[CCN3 regulates the proliferation and apoptosis in periodontal ligament fibroblasts].

Purpose: To investigate the effect of CCN3 on proliferation and apoptosis in periodontal ligament fibroblasts (PDLFs) and related mechanism.

Methods: Recombinant vector pcDNA.3.1-CCN3 was constructed and transfected into human PDLFs to overexpress CCN3. CCN3 siRNA was transfected to inhibit CCN3. Fra-1 siRNA was transfected into the PDLFs with CCN3 inhibition to realize the inhibition of CCN3 and Fra-1 in the meantime. mRNA expressions of CCN3 and Fra-1 were measured by quantitative real-time PCR (qRT-PCR). The protein expressions of CCN3, Fra-1and Bcl-2 were detected by Western blot. Cell growth and viability and proliferation of PDLFs were measured by 3-(4,5-Dimethylthiazol-2-yl)-2,5-diphenyltetrazolium bromide (MTT) and bromodeoxyuridine (BrdU) assays; Caspase-3 activity was tested by using the available kit. The data were analyzed with SPSS20.0 software package.

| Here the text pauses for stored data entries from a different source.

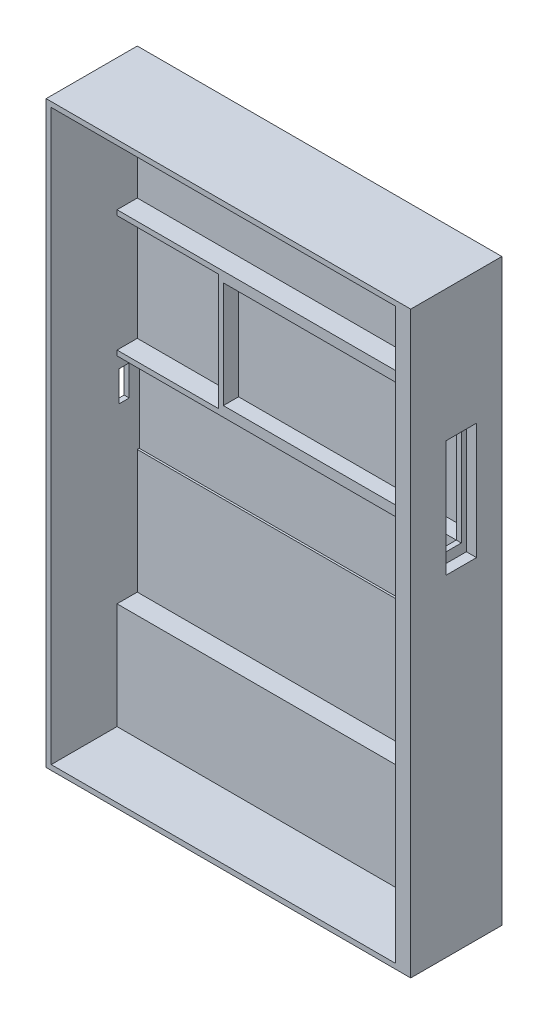
ISO-10303-21;
HEADER;
FILE_DESCRIPTION(('STEP AP214'),'2;1');
FILE_NAME('part.step','',(''),(''),'','','');
FILE_SCHEMA(('AUTOMOTIVE_DESIGN { 1 0 10303 214 1 1 1 1 }'));
ENDSEC;
DATA;
#1=APPLICATION_CONTEXT('core data for automotive mechanical design processes');
#2=APPLICATION_PROTOCOL_DEFINITION('international standard','automotive_design',2000,#1);
#3=PRODUCT_CONTEXT('',#1,'mechanical');
#4=PRODUCT('Part','Part','',(#3));
#5=PRODUCT_RELATED_PRODUCT_CATEGORY('part','',(#4));
#6=PRODUCT_DEFINITION_FORMATION('','',#4);
#7=PRODUCT_DEFINITION_CONTEXT('part definition',#1,'design');
#8=PRODUCT_DEFINITION('design','',#6,#7);
#9=PRODUCT_DEFINITION_SHAPE('','',#8);
#10=(LENGTH_UNIT() NAMED_UNIT(*) SI_UNIT(.MILLI.,.METRE.));
#11=(NAMED_UNIT(*) PLANE_ANGLE_UNIT() SI_UNIT($,.RADIAN.));
#12=(NAMED_UNIT(*) SI_UNIT($,.STERADIAN.) SOLID_ANGLE_UNIT());
#13=UNCERTAINTY_MEASURE_WITH_UNIT(LENGTH_MEASURE(1.E-05),#10,'distance_accuracy_value','');
#14=(GEOMETRIC_REPRESENTATION_CONTEXT(3) GLOBAL_UNCERTAINTY_ASSIGNED_CONTEXT((#13)) GLOBAL_UNIT_ASSIGNED_CONTEXT((#10,
#11,#12)) REPRESENTATION_CONTEXT('',''));
#15=CARTESIAN_POINT('',(0.,0.,0.));
#16=DIRECTION('',(0.,0.,1.));
#17=DIRECTION('',(1.,0.,0.));
#18=AXIS2_PLACEMENT_3D('',#15,#16,#17);
#19=CARTESIAN_POINT('',(0.,67.4,18.));
#20=DIRECTION('',(0.,-1.,0.));
#21=DIRECTION('',(0.,0.,-1.));
#22=AXIS2_PLACEMENT_3D('',#19,#20,#21);
#23=PLANE('',#22);
#24=DIRECTION('',(1.,0.,0.));
#25=VECTOR('',#24,1.);
#26=CARTESIAN_POINT('',(0.,67.4,5.));
#27=LINE('',#26,#25);
#28=CARTESIAN_POINT('',(0.,67.4,5.));
#29=VERTEX_POINT('',#28);
#30=CARTESIAN_POINT('',(68.,67.4,5.));
#31=VERTEX_POINT('',#30);
#32=EDGE_CURVE('E441',#29,#31,#27,.T.);
#33=ORIENTED_EDGE('',*,*,#32,.T.);
#34=DIRECTION('',(0.,0.,-1.));
#35=VECTOR('',#34,1.);
#36=CARTESIAN_POINT('',(68.,67.4,18.));
#37=LINE('',#36,#35);
#38=CARTESIAN_POINT('',(68.,67.4,1.));
#39=VERTEX_POINT('',#38);
#40=EDGE_CURVE('E494',#31,#39,#37,.T.);
#41=ORIENTED_EDGE('',*,*,#40,.T.);
#42=DIRECTION('',(1.,0.,0.));
#43=VECTOR('',#42,1.);
#44=CARTESIAN_POINT('',(0.,67.4,1.));
#45=LINE('',#44,#43);
#46=CARTESIAN_POINT('',(0.,67.4,1.));
#47=VERTEX_POINT('',#46);
#48=EDGE_CURVE('E508',#47,#39,#45,.T.);
#49=ORIENTED_EDGE('',*,*,#48,.F.);
#50=DIRECTION('',(0.,0.,-1.));
#51=VECTOR('',#50,1.);
#52=CARTESIAN_POINT('',(0.,67.4,18.));
#53=LINE('',#52,#51);
#54=EDGE_CURVE('E496',#29,#47,#53,.T.);
#55=ORIENTED_EDGE('',*,*,#54,.F.);
#56=EDGE_LOOP('',(#33,#41,#49,#55));
#57=FACE_BOUND('',#56,.T.);
#58=ADVANCED_FACE('F129',(#57),#23,.F.);
#59=CARTESIAN_POINT('',(55.8,0.,18.));
#60=DIRECTION('',(-1.,0.,0.));
#61=DIRECTION('',(0.,0.,1.));
#62=AXIS2_PLACEMENT_3D('',#59,#60,#61);
#63=PLANE('',#62);
#64=DIRECTION('',(0.,0.,-1.));
#65=VECTOR('',#64,1.);
#66=CARTESIAN_POINT('',(55.8,0.,18.));
#67=LINE('',#66,#65);
#68=CARTESIAN_POINT('',(55.8,0.,5.));
#69=VERTEX_POINT('',#68);
#70=CARTESIAN_POINT('',(55.8,0.,1.));
#71=VERTEX_POINT('',#70);
#72=EDGE_CURVE('E624',#69,#71,#67,.T.);
#73=ORIENTED_EDGE('',*,*,#72,.F.);
#74=DIRECTION('',(0.,1.,0.));
#75=VECTOR('',#74,1.);
#76=CARTESIAN_POINT('',(55.8,-21.,5.));
#77=LINE('',#76,#75);
#78=CARTESIAN_POINT('',(55.8,42.4,5.));
#79=VERTEX_POINT('',#78);
#80=EDGE_CURVE('E396',#69,#79,#77,.T.);
#81=ORIENTED_EDGE('',*,*,#80,.T.);
#82=DIRECTION('',(0.,0.,-1.));
#83=VECTOR('',#82,1.);
#84=CARTESIAN_POINT('',(55.8,42.4,18.));
#85=LINE('',#84,#83);
#86=CARTESIAN_POINT('',(55.8,42.4,0.6));
#87=VERTEX_POINT('',#86);
#88=EDGE_CURVE('E622',#79,#87,#85,.T.);
#89=ORIENTED_EDGE('',*,*,#88,.T.);
#90=DIRECTION('',(0.,1.,0.));
#91=VECTOR('',#90,1.);
#92=CARTESIAN_POINT('',(55.8,42.4,0.6));
#93=LINE('',#92,#91);
#94=CARTESIAN_POINT('',(55.8,24.4,0.6));
#95=VERTEX_POINT('',#94);
#96=EDGE_CURVE('E564',#95,#87,#93,.T.);
#97=ORIENTED_EDGE('',*,*,#96,.F.);
#98=DIRECTION('',(0.,0.,1.));
#99=VECTOR('',#98,1.);
#100=CARTESIAN_POINT('',(55.8,24.4,0.6));
#101=LINE('',#100,#99);
#102=CARTESIAN_POINT('',(55.8,24.4,1.));
#103=VERTEX_POINT('',#102);
#104=EDGE_CURVE('E573',#95,#103,#101,.T.);
#105=ORIENTED_EDGE('',*,*,#104,.T.);
#106=DIRECTION('',(0.,1.,0.));
#107=VECTOR('',#106,1.);
#108=CARTESIAN_POINT('',(55.8,0.,1.));
#109=LINE('',#108,#107);
#110=EDGE_CURVE('E615',#71,#103,#109,.T.);
#111=ORIENTED_EDGE('',*,*,#110,.F.);
#112=EDGE_LOOP('',(#73,#81,#89,#97,#105,#111));
#113=FACE_BOUND('',#112,.T.);
#114=ADVANCED_FACE('F694',(#113),#63,.T.);
#115=CARTESIAN_POINT('',(0.,0.,18.));
#116=DIRECTION('',(0.,0.,1.));
#117=DIRECTION('',(1.,0.,0.));
#118=AXIS2_PLACEMENT_3D('',#115,#116,#117);
#119=PLANE('',#118);
#120=DIRECTION('',(0.,-1.,0.));
#121=VECTOR('',#120,1.);
#122=CARTESIAN_POINT('',(-1.,0.,18.));
#123=LINE('',#122,#121);
#124=CARTESIAN_POINT('',(-1.,92.4,18.));
#125=VERTEX_POINT('',#124);
#126=CARTESIAN_POINT('',(-1.,-22.,18.));
#127=VERTEX_POINT('',#126);
#128=EDGE_CURVE('E630',#125,#127,#123,.T.);
#129=ORIENTED_EDGE('',*,*,#128,.T.);
#130=DIRECTION('',(1.,0.,0.));
#131=VECTOR('',#130,1.);
#132=CARTESIAN_POINT('',(-1.,-22.,18.));
#133=LINE('',#132,#131);
#134=CARTESIAN_POINT('',(71.,-22.,18.));
#135=VERTEX_POINT('',#134);
#136=EDGE_CURVE('E402',#127,#135,#133,.T.);
#137=ORIENTED_EDGE('',*,*,#136,.T.);
#138=DIRECTION('',(0.,1.,0.));
#139=VECTOR('',#138,1.);
#140=CARTESIAN_POINT('',(71.,92.4,18.));
#141=LINE('',#140,#139);
#142=CARTESIAN_POINT('',(71.,92.4,18.));
#143=VERTEX_POINT('',#142);
#144=EDGE_CURVE('E476',#135,#143,#141,.T.);
#145=ORIENTED_EDGE('',*,*,#144,.T.);
#146=DIRECTION('',(-1.,0.,0.));
#147=VECTOR('',#146,1.);
#148=CARTESIAN_POINT('',(0.,92.4,18.));
#149=LINE('',#148,#147);
#150=EDGE_CURVE('E499',#143,#125,#149,.T.);
#151=ORIENTED_EDGE('',*,*,#150,.T.);
#152=EDGE_LOOP('',(#129,#137,#145,#151));
#153=FACE_BOUND('',#152,.T.);
#154=DIRECTION('',(0.,1.,0.));
#155=VECTOR('',#154,1.);
#156=CARTESIAN_POINT('',(68.,67.4,18.));
#157=LINE('',#156,#155);
#158=CARTESIAN_POINT('',(68.,-21.,18.));
#159=VERTEX_POINT('',#158);
#160=CARTESIAN_POINT('',(68.,91.4,18.));
#161=VERTEX_POINT('',#160);
#162=EDGE_CURVE('E484',#159,#161,#157,.T.);
#163=ORIENTED_EDGE('',*,*,#162,.F.);
#164=DIRECTION('',(-1.,0.,0.));
#165=VECTOR('',#164,1.);
#166=CARTESIAN_POINT('',(55.8,-21.,18.));
#167=LINE('',#166,#165);
#168=CARTESIAN_POINT('',(0.,-21.,18.));
#169=VERTEX_POINT('',#168);
#170=EDGE_CURVE('E405',#159,#169,#167,.T.);
#171=ORIENTED_EDGE('',*,*,#170,.T.);
#172=DIRECTION('',(0.,-1.,0.));
#173=VECTOR('',#172,1.);
#174=CARTESIAN_POINT('',(0.,0.,18.));
#175=LINE('',#174,#173);
#176=CARTESIAN_POINT('',(0.,91.4,18.));
#177=VERTEX_POINT('',#176);
#178=EDGE_CURVE('E618',#177,#169,#175,.T.);
#179=ORIENTED_EDGE('',*,*,#178,.F.);
#180=DIRECTION('',(-1.,0.,0.));
#181=VECTOR('',#180,1.);
#182=CARTESIAN_POINT('',(0.,91.4,18.));
#183=LINE('',#182,#181);
#184=EDGE_CURVE('E486',#161,#177,#183,.T.);
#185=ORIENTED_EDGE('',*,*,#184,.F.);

Results: The results showed that the mRNA (P<0.05) and protein (P<0.05) expressions of CCN3 were significantly up-regulated in the experimental group of pcDNA.3.1-CCN3 transfection. In addition, the mRNA (P<0.05) and protein (P<0.05) expressions of CCN3 were significantly decreased in the experimental group of CCN3 siRNA transfection. Cell growth (P<0.05) and viability, proliferation (P<0.05) and Bcl-2 (P<0.05) protein expression were increased, while caspase-3 activity (P<0.05) decreased in the PDLFs with CCN3 inhibition. However, CCN3 overexpression exhibited reversed effect. CCN3 overexpression or inhibition could remarkably constrain (P<0.05) or promote (P<0.01) the expression of Fra-1, respectively. Moreover, co-inhibition of CCN3 and Fra-1 could promote apoptosis (P<0.01) and inhibit proliferation (P<0.05) in PDLFs.

Conclusions: The results suggest that inhibition of CCN3 could accelerate proliferation and constrain apoptosis via up-regulating expression of Fra-1 in PDLFs.